### Instructions to follow
After locating the line with "import ezdxf" in the data that follows, return it and every later line exactly, up to and including the line with "msp.add_line(p, q, dxfattribs=at)".

[Source material — start]

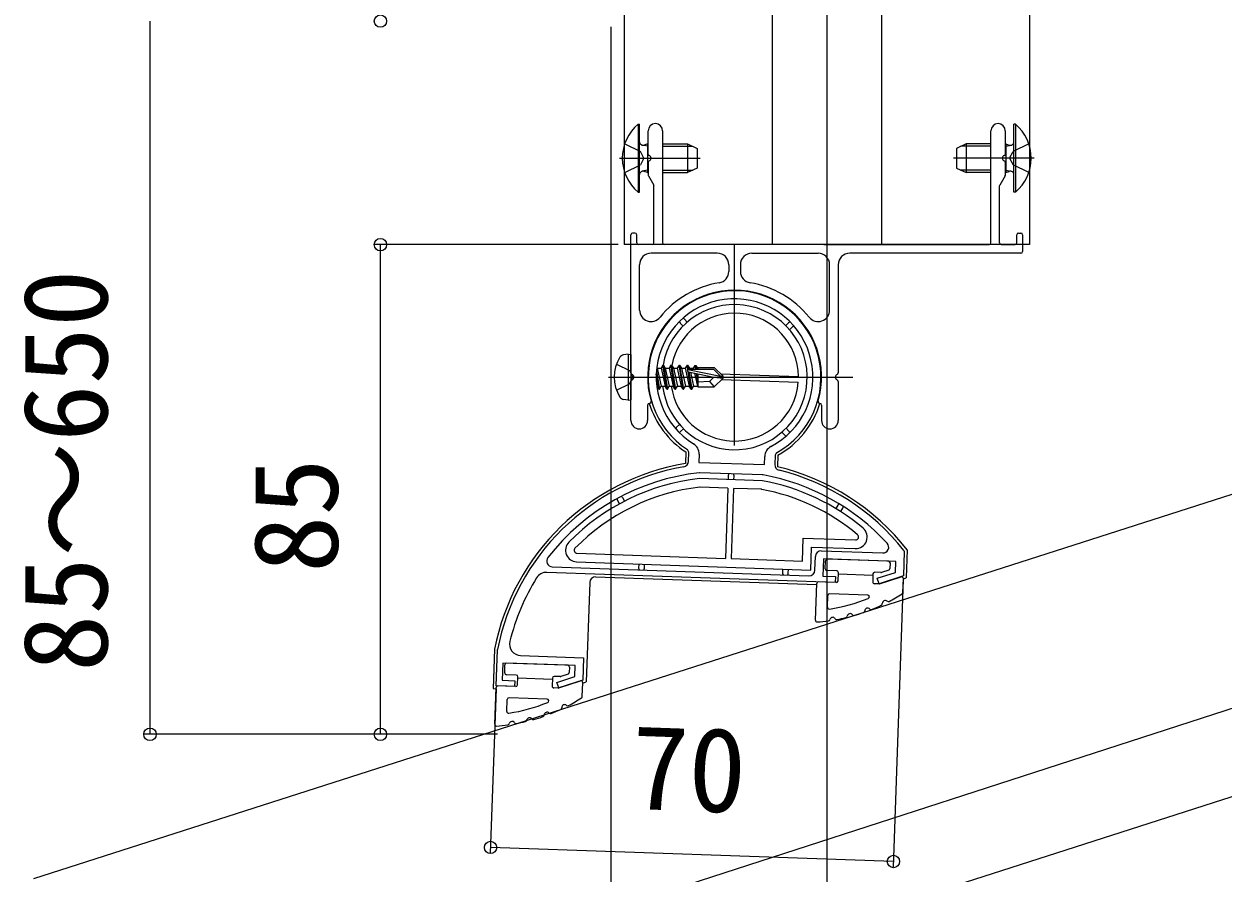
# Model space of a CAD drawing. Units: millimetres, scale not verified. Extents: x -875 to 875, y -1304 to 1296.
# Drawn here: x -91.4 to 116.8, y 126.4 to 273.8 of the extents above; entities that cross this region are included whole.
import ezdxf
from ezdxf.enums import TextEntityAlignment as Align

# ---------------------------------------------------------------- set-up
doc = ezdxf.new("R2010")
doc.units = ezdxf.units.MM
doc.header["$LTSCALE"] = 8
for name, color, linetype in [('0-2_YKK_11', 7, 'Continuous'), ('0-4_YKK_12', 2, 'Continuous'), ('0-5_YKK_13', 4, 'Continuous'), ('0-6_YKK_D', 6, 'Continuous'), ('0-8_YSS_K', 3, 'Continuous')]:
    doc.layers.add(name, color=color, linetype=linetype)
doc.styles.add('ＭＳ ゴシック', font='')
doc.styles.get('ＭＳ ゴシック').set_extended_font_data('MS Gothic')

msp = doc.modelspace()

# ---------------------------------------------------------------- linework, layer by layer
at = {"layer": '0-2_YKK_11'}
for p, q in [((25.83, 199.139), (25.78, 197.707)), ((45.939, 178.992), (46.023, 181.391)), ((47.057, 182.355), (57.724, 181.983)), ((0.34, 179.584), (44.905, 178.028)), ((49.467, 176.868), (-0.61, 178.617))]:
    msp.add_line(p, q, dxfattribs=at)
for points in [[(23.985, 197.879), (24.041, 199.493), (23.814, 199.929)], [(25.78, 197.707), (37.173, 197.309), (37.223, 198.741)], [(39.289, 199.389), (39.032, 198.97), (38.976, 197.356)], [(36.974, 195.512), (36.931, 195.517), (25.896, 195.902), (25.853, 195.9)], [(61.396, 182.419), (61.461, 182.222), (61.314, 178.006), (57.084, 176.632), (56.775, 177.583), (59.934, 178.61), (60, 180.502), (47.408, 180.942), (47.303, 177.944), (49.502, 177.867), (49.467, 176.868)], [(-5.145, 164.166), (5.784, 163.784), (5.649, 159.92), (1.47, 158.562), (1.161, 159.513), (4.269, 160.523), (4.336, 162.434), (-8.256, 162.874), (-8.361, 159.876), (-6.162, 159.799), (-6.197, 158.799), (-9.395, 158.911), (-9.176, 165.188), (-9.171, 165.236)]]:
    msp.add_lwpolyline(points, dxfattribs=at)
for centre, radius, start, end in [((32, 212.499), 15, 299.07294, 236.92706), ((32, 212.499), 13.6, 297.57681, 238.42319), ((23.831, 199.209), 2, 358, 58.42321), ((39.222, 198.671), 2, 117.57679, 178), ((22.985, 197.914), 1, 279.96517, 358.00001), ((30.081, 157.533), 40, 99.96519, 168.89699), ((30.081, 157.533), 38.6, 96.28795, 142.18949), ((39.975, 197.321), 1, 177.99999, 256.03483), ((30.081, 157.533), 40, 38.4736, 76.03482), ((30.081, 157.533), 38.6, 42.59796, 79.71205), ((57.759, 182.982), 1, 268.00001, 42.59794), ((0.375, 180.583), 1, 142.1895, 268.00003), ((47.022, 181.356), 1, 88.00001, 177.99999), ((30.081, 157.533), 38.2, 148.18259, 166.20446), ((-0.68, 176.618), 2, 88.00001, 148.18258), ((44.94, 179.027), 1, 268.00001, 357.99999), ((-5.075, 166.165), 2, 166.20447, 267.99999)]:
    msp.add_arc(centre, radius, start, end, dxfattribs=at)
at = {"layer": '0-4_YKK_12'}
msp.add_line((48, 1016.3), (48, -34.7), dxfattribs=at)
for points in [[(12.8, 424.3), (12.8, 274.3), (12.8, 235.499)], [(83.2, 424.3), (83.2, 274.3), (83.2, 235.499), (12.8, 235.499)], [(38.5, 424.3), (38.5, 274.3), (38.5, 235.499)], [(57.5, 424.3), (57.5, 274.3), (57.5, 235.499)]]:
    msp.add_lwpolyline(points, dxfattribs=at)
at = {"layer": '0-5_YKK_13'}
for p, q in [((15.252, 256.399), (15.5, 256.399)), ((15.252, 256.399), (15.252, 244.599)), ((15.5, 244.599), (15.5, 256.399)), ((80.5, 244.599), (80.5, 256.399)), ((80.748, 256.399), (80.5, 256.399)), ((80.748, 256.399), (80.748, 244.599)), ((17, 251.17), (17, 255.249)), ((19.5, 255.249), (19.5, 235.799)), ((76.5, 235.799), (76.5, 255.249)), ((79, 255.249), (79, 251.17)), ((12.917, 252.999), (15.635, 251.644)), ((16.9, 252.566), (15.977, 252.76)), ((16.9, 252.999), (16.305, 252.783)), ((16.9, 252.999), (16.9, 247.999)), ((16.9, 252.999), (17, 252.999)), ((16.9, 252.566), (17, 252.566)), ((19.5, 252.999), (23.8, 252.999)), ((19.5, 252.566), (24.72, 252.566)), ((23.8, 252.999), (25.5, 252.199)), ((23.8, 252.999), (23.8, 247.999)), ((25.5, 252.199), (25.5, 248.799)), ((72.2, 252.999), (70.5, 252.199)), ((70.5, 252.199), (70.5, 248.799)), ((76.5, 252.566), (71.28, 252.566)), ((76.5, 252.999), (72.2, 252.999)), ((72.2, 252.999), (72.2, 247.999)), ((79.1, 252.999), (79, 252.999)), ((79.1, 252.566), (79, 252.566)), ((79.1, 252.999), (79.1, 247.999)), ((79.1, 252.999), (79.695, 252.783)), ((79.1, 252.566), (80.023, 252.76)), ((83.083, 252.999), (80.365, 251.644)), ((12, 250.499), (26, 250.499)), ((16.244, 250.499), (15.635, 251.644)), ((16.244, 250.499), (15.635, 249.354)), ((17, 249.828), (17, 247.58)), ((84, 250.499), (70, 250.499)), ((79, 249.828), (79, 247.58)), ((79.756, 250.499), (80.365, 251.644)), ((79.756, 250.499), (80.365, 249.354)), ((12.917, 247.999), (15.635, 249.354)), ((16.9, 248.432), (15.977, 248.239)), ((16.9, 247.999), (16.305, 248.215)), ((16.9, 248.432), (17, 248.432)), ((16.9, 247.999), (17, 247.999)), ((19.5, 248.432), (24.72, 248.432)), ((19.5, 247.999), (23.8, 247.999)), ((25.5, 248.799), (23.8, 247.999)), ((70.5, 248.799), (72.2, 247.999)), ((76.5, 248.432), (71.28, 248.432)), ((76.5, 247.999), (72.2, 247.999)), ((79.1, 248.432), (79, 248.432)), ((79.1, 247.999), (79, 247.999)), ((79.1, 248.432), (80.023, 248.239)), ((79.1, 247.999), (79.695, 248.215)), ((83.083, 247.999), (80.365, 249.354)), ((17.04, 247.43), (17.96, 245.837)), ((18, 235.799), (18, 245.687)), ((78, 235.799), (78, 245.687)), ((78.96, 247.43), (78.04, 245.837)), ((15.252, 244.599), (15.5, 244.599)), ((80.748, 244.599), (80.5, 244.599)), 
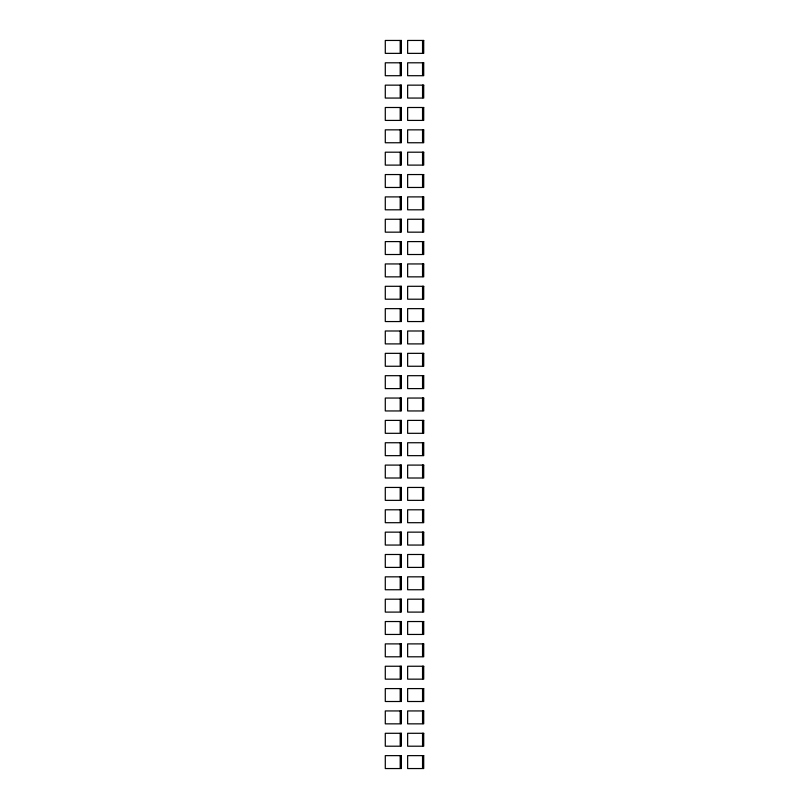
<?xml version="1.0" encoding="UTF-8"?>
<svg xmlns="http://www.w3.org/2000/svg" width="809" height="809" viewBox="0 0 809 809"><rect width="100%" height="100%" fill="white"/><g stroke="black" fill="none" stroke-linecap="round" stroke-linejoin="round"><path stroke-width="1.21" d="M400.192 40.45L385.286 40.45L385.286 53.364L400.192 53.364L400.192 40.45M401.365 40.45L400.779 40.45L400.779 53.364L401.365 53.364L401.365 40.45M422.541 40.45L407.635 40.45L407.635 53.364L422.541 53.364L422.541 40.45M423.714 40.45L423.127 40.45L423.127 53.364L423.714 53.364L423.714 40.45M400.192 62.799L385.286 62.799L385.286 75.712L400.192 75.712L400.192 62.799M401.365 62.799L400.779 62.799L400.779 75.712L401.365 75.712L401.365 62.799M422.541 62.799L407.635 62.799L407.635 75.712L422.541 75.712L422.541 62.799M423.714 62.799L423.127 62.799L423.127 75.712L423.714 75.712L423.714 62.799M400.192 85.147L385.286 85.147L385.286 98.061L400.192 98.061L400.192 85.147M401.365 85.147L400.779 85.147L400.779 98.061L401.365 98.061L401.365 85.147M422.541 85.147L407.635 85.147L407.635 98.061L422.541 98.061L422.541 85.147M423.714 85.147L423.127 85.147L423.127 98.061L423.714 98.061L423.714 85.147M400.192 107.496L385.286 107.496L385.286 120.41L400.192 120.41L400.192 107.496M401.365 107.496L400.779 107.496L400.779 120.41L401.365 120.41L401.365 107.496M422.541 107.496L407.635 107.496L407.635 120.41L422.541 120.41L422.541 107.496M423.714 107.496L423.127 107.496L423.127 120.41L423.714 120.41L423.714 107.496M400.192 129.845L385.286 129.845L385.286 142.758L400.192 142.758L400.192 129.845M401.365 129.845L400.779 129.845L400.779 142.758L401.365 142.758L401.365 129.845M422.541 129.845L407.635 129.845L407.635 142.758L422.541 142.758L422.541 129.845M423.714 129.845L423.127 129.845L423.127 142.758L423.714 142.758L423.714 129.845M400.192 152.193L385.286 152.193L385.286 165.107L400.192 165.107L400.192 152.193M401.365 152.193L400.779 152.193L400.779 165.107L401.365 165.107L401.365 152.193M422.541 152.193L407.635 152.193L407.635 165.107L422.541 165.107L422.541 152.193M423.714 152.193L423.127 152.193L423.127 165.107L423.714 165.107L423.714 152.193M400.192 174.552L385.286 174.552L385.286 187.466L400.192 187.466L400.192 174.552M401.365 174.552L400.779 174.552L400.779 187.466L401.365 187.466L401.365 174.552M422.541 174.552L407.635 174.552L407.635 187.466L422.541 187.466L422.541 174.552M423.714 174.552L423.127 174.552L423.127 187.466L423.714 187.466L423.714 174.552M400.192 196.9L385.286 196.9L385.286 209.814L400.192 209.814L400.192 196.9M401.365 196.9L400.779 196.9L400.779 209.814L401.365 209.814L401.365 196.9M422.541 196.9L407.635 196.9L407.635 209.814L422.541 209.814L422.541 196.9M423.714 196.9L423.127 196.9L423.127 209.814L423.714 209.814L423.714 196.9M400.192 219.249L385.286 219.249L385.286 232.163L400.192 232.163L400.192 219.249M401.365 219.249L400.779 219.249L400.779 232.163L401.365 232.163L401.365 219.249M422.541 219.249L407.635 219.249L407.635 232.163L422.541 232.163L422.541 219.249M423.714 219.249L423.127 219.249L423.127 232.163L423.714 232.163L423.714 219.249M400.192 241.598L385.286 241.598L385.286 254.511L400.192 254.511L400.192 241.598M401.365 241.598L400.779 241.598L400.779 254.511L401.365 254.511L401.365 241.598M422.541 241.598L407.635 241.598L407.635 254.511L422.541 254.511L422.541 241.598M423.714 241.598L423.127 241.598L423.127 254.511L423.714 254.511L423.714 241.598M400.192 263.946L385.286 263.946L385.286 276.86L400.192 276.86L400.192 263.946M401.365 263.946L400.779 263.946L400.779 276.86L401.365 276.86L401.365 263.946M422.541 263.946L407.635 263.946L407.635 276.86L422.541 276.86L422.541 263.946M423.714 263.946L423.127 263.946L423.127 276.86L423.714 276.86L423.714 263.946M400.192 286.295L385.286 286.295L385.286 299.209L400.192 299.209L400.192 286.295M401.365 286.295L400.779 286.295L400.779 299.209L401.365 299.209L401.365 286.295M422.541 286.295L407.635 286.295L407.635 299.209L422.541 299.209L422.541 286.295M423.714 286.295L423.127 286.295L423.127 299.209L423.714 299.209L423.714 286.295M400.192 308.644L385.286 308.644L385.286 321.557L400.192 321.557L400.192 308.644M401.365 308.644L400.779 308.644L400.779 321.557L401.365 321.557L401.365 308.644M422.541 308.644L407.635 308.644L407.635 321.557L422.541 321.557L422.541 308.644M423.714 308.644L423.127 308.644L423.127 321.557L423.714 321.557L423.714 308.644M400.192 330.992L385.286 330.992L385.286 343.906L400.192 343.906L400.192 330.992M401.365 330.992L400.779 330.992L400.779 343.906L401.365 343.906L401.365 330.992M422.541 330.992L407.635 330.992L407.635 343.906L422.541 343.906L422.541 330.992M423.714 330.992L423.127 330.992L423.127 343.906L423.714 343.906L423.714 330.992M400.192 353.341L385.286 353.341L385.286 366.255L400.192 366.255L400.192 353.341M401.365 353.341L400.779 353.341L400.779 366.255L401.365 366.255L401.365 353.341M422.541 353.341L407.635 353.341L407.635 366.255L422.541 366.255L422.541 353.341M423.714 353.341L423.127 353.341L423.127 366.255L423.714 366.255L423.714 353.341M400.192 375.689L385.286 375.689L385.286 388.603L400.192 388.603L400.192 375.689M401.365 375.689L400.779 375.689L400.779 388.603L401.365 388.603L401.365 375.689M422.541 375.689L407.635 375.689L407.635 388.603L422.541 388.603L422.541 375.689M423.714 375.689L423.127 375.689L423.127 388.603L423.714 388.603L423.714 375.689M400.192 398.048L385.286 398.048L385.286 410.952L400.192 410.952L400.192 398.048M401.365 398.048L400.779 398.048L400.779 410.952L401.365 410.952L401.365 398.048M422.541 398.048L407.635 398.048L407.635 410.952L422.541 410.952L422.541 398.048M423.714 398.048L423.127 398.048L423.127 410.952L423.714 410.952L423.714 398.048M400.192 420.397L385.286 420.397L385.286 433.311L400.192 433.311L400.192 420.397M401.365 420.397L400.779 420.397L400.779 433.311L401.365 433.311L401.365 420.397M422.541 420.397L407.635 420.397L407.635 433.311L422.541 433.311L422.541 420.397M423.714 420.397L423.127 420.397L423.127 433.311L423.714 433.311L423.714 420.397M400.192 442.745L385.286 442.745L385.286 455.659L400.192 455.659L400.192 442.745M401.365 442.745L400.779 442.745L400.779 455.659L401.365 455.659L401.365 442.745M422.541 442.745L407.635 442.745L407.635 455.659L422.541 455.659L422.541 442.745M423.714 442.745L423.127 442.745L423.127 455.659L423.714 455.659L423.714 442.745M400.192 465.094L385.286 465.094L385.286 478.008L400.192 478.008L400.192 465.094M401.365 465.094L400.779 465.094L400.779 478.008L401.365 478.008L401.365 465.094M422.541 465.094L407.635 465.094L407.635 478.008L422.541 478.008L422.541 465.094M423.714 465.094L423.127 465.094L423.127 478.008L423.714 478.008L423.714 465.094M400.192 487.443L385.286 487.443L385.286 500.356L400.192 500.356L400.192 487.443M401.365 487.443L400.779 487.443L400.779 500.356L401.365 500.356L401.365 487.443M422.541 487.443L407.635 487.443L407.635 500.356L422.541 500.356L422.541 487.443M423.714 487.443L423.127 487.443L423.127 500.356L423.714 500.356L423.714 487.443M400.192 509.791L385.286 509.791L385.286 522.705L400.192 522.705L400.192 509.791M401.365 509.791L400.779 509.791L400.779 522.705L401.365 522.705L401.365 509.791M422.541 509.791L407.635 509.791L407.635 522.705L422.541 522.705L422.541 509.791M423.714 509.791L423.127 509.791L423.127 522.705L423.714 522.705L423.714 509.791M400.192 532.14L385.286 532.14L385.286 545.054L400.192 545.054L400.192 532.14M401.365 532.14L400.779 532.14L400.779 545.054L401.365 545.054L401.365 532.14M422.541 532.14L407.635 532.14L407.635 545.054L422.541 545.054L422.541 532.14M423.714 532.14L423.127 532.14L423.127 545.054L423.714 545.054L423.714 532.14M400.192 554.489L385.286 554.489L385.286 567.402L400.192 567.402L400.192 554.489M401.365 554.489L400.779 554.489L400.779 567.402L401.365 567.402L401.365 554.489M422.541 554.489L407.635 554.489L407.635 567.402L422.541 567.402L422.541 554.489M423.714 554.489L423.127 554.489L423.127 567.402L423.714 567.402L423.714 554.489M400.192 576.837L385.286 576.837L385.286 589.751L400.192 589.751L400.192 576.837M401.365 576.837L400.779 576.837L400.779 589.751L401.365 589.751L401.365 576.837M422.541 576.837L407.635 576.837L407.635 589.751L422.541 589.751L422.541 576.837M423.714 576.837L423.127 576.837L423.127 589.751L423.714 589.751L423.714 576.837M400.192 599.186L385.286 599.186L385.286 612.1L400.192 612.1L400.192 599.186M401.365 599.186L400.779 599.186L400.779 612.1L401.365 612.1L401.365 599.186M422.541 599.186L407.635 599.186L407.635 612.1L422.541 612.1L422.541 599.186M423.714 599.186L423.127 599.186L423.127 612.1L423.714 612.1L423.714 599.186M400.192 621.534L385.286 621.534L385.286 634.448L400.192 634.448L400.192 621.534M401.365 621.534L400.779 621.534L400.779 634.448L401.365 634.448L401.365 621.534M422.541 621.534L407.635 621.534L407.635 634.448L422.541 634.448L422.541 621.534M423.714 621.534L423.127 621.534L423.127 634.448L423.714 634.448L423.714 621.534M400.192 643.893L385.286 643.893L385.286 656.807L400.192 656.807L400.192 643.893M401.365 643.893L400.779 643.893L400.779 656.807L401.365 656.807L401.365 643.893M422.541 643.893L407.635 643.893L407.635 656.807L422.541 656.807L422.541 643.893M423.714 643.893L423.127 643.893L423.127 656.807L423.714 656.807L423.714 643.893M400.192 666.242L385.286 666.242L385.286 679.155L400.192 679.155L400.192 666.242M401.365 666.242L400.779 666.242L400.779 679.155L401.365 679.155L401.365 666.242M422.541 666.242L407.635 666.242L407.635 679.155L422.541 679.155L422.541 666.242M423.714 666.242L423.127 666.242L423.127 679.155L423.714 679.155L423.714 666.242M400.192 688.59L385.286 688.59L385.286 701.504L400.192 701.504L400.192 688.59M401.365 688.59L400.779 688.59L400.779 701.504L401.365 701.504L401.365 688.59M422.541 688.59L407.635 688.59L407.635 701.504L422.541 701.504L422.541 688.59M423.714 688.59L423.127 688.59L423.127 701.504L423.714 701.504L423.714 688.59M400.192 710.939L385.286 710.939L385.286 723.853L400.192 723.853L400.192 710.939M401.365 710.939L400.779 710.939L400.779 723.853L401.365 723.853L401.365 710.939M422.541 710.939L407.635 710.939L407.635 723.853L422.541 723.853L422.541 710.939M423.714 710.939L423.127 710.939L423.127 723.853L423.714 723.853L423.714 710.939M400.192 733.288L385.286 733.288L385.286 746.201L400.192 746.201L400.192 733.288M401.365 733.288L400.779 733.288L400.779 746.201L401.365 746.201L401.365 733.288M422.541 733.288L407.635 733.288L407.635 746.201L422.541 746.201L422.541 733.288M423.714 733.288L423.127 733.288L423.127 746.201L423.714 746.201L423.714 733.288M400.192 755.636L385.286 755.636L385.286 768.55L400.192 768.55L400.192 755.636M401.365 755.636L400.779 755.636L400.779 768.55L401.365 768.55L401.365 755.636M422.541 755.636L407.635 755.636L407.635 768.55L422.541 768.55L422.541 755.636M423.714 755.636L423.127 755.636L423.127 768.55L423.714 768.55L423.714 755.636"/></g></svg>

[Source material — finish]

### Response to the task
import ezdxf
from ezdxf.enums import TextEntityAlignment as Align

# ---------------------------------------------------------------- set-up
doc = ezdxf.new("R2010")
doc.units = ezdxf.units.MM
doc.header["$LTSCALE"] = 8
for name, color, linetype in [('0-2_YKK_11', 7, 'Continuous'), ('0-4_YKK_12', 2, 'Continuous'), ('0-5_YKK_13', 4, 'Continuous'), ('0-6_YKK_D', 6, 'Continuous'), ('0-8_YSS_K', 3, 'Continuous')]:
    doc.layers.add(name, color=color, linetype=linetype)
doc.styles.add('ＭＳ ゴシック', font='')
doc.styles.get('ＭＳ ゴシック').set_extended_font_data('MS Gothic')

msp = doc.modelspace()

# ---------------------------------------------------------------- linework, layer by layer
at = {"layer": '0-2_YKK_11'}
for p, q in [((25.83, 199.139), (25.78, 197.707)), ((45.939, 178.992), (46.023, 181.391)), ((47.057, 182.355), (57.724, 181.983)), ((0.34, 179.584), (44.905, 178.028)), ((49.467, 176.868), (-0.61, 178.617))]:
    msp.add_line(p, q, dxfattribs=at)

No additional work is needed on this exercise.